* [Task to complete]
In the records below, find the line that contains "blk.add_mtext('49', dxfattribs=at)", then write out that line and each one after it exactly, up to and including the last.
───── Source data ─────
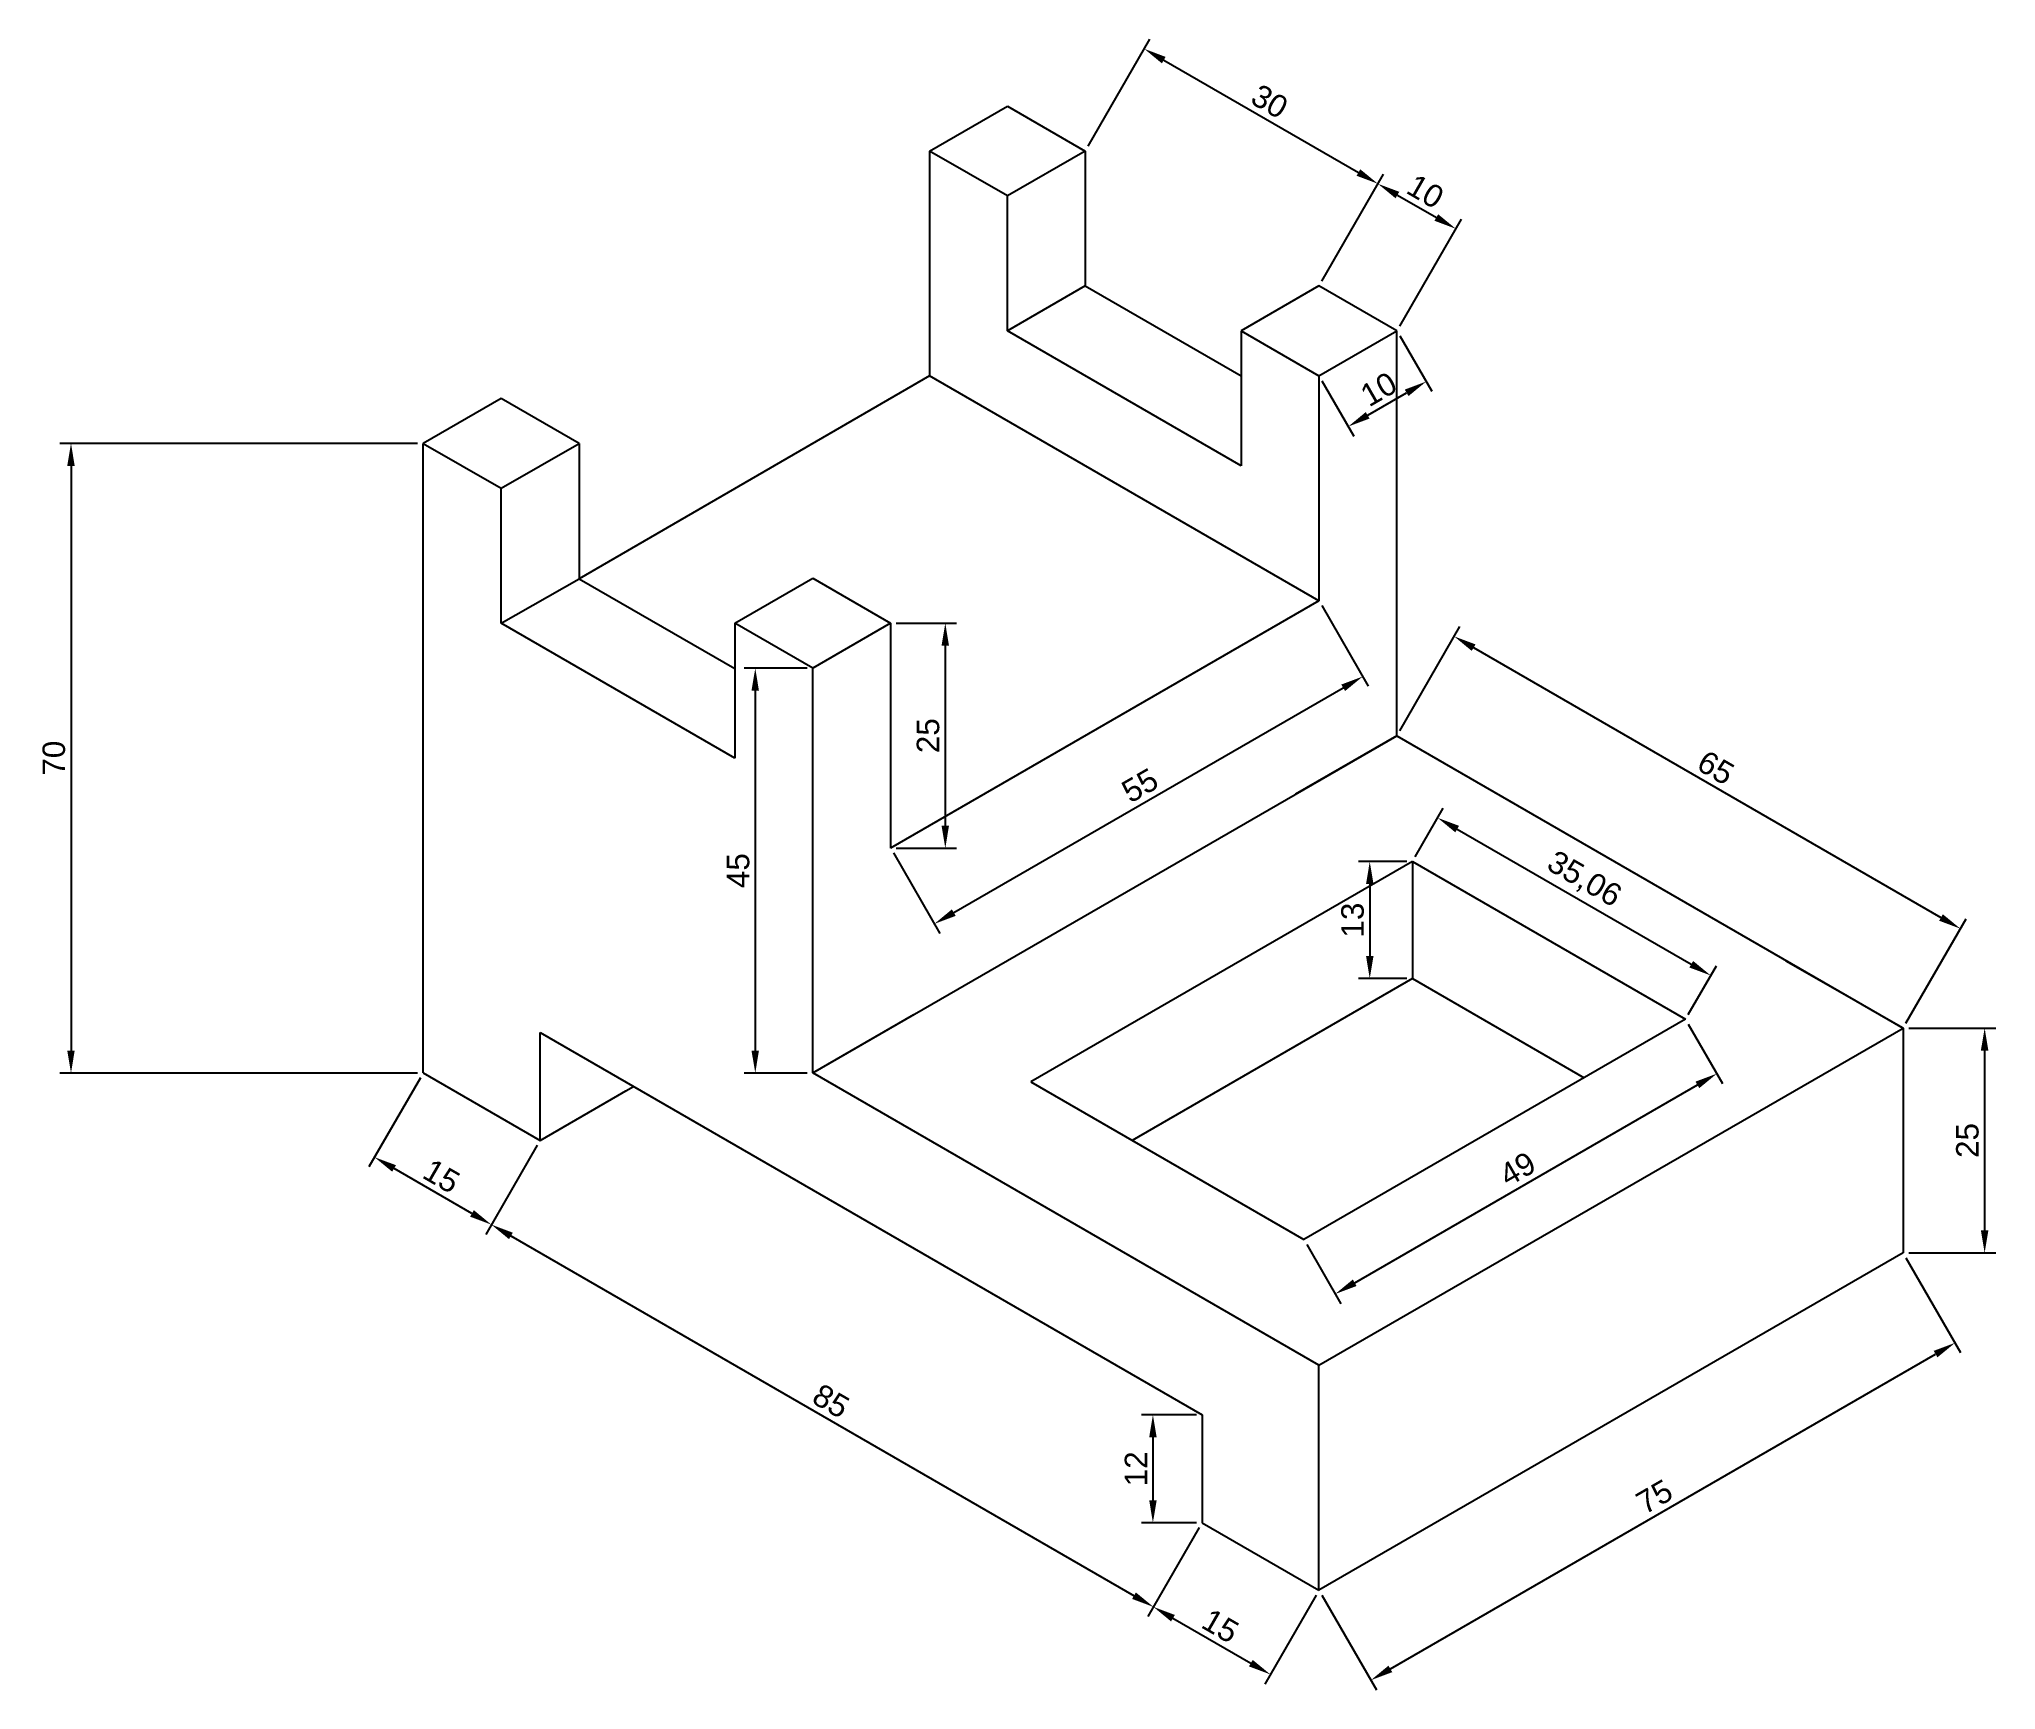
# Model space of a CAD drawing. Header units: millimetres. Extents: x 2685 to 2902, y 1236 to 1420.
import ezdxf

# ---------------------------------------------------------------- set-up
doc = ezdxf.new("R2010")
doc.units = ezdxf.units.MM
doc.layers.add('Cotas', color=5, linetype='Continuous')
doc.styles.get("Standard").update_dxf_attribs({"font": 'arial.ttf'})
doc.dimstyles.new('ISO-25', dxfattribs={"dimtxt": 2.5, "dimasz": 2.5, "dimexe": 1.25, "dimexo": 0.625, "dimtad": 1, "dimtxsty": 'Standard', "dimcen": 2.5, "dimadec": 0, "dimazin": 0, "dimtfac": 1, "dimtmove": 0, "dimatfit": 3, "dimfxl": 1, "dimarcsym": 0})

# ---------------------------------------------------------------- blocks, each defined once
blk = doc.blocks.new('*D3')
at = {"layer": 'Cotas', "color": 0, "lineweight": -2, "transparency": 16777216}
for p, q in [((2740.26, 1296.52), (2734.54, 1286.62)), ((2737.33, 1286.45), (2806.61, 1246.45)), ((2813.87, 1254.02), (2808.15, 1244.12))]:
    blk.add_line(p, q, dxfattribs=at)
at = {"layer": 'Cotas', "color": 0, "transparency": 16777216}
for points in [[(2737.54, 1286.81), (2737.12, 1286.09), (2735.16, 1287.7)], [(2806.82, 1246.81), (2806.4, 1246.09), (2808.78, 1245.2)]]:
    blk.add_solid(points, dxfattribs=at)
at = {"layer": 'Defpoints', "color": 0, "transparency": 16777216}
for p in [(2740.57, 1297.06), (2814.18, 1254.56), (2808.78, 1245.2)]:
    blk.add_point(p, dxfattribs=at)
at = {"layer": 'Cotas', "color": 0, "transparency": 16777216, "insert": (2772.92, 1268.09), "char_height": 2.5, "attachment_point": 5, "rotation": 330}
blk.add_mtext('85', dxfattribs=at)
blk = doc.blocks.new('*D4')
at = {"layer": 'Cotas', "color": 0, "lineweight": -2, "transparency": 16777216}
for p, q in [((2813.87, 1254.02), (2808.15, 1244.12)), ((2826.86, 1246.52), (2821.14, 1236.62)), ((2810.94, 1243.95), (2819.6, 1238.95))]:
    blk.add_line(p, q, dxfattribs=at)
at = {"layer": 'Cotas', "color": 0, "transparency": 16777216}
for points in [[(2811.15, 1244.31), (2810.73, 1243.59), (2808.78, 1245.2)], [(2819.81, 1239.31), (2819.39, 1238.59), (2821.77, 1237.7)]]:
    blk.add_solid(points, dxfattribs=at)
at = {"layer": 'Defpoints', "color": 0, "transparency": 16777216}
for p in [(2814.18, 1254.56), (2827.17, 1247.06), (2821.77, 1237.7)]:
    blk.add_point(p, dxfattribs=at)
at = {"layer": 'Cotas', "color": 0, "transparency": 16777216, "insert": (2816.22, 1243.09), "char_height": 2.5, "attachment_point": 5, "rotation": 330}
blk.add_mtext('15', dxfattribs=at)
blk = doc.blocks.new('*D5')
at = {"layer": 'Cotas', "color": 0, "lineweight": -2, "transparency": 16777216}
for p, q in [((2727.27, 1304.02), (2721.55, 1294.12)), ((2740.26, 1296.52), (2734.54, 1286.62)), ((2733, 1288.95), (2724.34, 1293.95))]:
    blk.add_line(p, q, dxfattribs=at)
at = {"layer": 'Cotas', "color": 0, "transparency": 16777216}
for points in [[(2724.55, 1294.31), (2724.13, 1293.59), (2722.17, 1295.2)], [(2733.21, 1289.31), (2732.79, 1288.59), (2735.16, 1287.7)]]:
    blk.add_solid(points, dxfattribs=at)
at = {"layer": 'Defpoints', "color": 0, "transparency": 16777216}
for p in [(2727.58, 1304.56), (2740.57, 1297.06), (2722.17, 1295.2)]:
    blk.add_point(p, dxfattribs=at)
at = {"layer": 'Cotas', "color": 0, "transparency": 16777216, "insert": (2729.62, 1293.09), "char_height": 2.5, "attachment_point": 5, "rotation": 330}
blk.add_mtext('15', dxfattribs=at)
blk = doc.blocks.new('*D6')
at = {"layer": 'Cotas', "color": 0, "lineweight": -2, "transparency": 16777216}
for p, q in [((2892.44, 1284.02), (2898.52, 1273.48)), ((2835.11, 1238.31), (2895.73, 1273.31)), ((2827.49, 1246.52), (2833.57, 1235.98))]:
    blk.add_line(p, q, dxfattribs=at)
at = {"layer": 'Cotas', "color": 0, "transparency": 16777216}
for points in [[(2895.53, 1273.67), (2895.94, 1272.95), (2897.9, 1274.56)], [(2834.9, 1238.67), (2835.32, 1237.95), (2832.95, 1237.06)]]:
    blk.add_solid(points, dxfattribs=at)
at = {"layer": 'Defpoints', "color": 0, "transparency": 16777216}
for p in [(2892.13, 1284.56), (2897.9, 1274.56), (2827.17, 1247.06)]:
    blk.add_point(p, dxfattribs=at)
at = {"layer": 'Cotas', "color": 0, "transparency": 16777216, "insert": (2864.47, 1257.46), "char_height": 2.5, "attachment_point": 5, "rotation": 30}
blk.add_mtext('75', dxfattribs=at)
blk = doc.blocks.new('*D7')
at = {"layer": 'Cotas', "color": 0, "lineweight": -2, "transparency": 16777216}
for p, q in [((2892.75, 1309.56), (2902.44, 1309.56)), ((2901.19, 1307.06), (2901.19, 1287.06)), ((2892.75, 1284.56), (2902.44, 1284.56))]:
    blk.add_line(p, q, dxfattribs=at)
at = {"layer": 'Cotas', "color": 0, "transparency": 16777216}
for points in [[(2900.77, 1307.06), (2901.6, 1307.06), (2901.19, 1309.56)], [(2900.77, 1287.06), (2901.6, 1287.06), (2901.19, 1284.56)]]:
    blk.add_solid(points, dxfattribs=at)
at = {"layer": 'Defpoints', "color": 0, "transparency": 16777216}
for p in [(2892.13, 1309.56), (2892.13, 1284.56), (2901.19, 1284.56)]:
    blk.add_point(p, dxfattribs=at)
at = {"layer": 'Cotas', "color": 0, "transparency": 16777216, "insert": (2899.28, 1297.06), "char_height": 2.5, "attachment_point": 5, "rotation": 90}
blk.add_mtext('25', dxfattribs=at)
blk = doc.blocks.new('*D8')
at = {"layer": 'Cotas', "color": 0, "lineweight": -2, "transparency": 16777216}
for p, q in [((2837.88, 1328.6), (2841, 1334.01)), ((2842.54, 1331.68), (2868.57, 1316.65)), ((2868.24, 1311.08), (2871.36, 1316.48))]:
    blk.add_line(p, q, dxfattribs=at)
at = {"layer": 'Cotas', "color": 0, "transparency": 16777216}
for points in [[(2842.75, 1332.04), (2842.33, 1331.32), (2840.37, 1332.93)], [(2868.78, 1317.01), (2868.36, 1316.29), (2870.74, 1315.4)]]:
    blk.add_solid(points, dxfattribs=at)
at = {"layer": 'Defpoints', "color": 0, "transparency": 16777216}
for p in [(2837.57, 1328.06), (2870.74, 1315.4), (2867.93, 1310.53)]:
    blk.add_point(p, dxfattribs=at)
at = {"layer": 'Cotas', "color": 0, "transparency": 16777216, "insert": (2856.62, 1326), "char_height": 2.5, "attachment_point": 5, "rotation": 330}
blk.add_mtext('35,06', dxfattribs=at)
blk = doc.blocks.new('*D9')
at = {"layer": 'Cotas', "color": 0, "lineweight": -2, "transparency": 16777216}
for p, q in [((2868.24, 1309.99), (2872.04, 1303.41)), ((2831.15, 1281.24), (2869.25, 1303.24)), ((2825.81, 1285.49), (2829.61, 1278.91))]:
    blk.add_line(p, q, dxfattribs=at)
at = {"layer": 'Cotas', "color": 0, "transparency": 16777216}
for points in [[(2869.04, 1303.6), (2869.46, 1302.88), (2871.42, 1304.49)], [(2830.94, 1281.6), (2831.35, 1280.88), (2828.98, 1279.99)]]:
    blk.add_solid(points, dxfattribs=at)
at = {"layer": 'Defpoints', "color": 0, "transparency": 16777216}
for p in [(2867.93, 1310.53), (2871.42, 1304.49), (2825.49, 1286.03)]:
    blk.add_point(p, dxfattribs=at)
at = {"layer": 'Cotas', "color": 0, "transparency": 16777216, "insert": (2849.25, 1293.89), "char_height": 2.5, "attachment_point": 5, "rotation": 30}
blk.add_mtext('49', dxfattribs=at)
blk = doc.blocks.new('*D10')
at = {"layer": 'Cotas', "color": 0, "lineweight": -2, "transparency": 16777216}
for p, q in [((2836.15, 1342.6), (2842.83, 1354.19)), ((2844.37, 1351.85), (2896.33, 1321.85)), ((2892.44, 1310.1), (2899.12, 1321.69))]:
─────
* [Task answer]
blk.add_mtext('49', dxfattribs=at)
blk = doc.blocks.new('*D10')
at = {"layer": 'Cotas', "color": 0, "lineweight": -2, "transparency": 16777216}
for p, q in [((2836.15, 1342.6), (2842.83, 1354.19)), ((2844.37, 1351.85), (2896.33, 1321.85)), ((2892.44, 1310.1), (2899.12, 1321.69))]:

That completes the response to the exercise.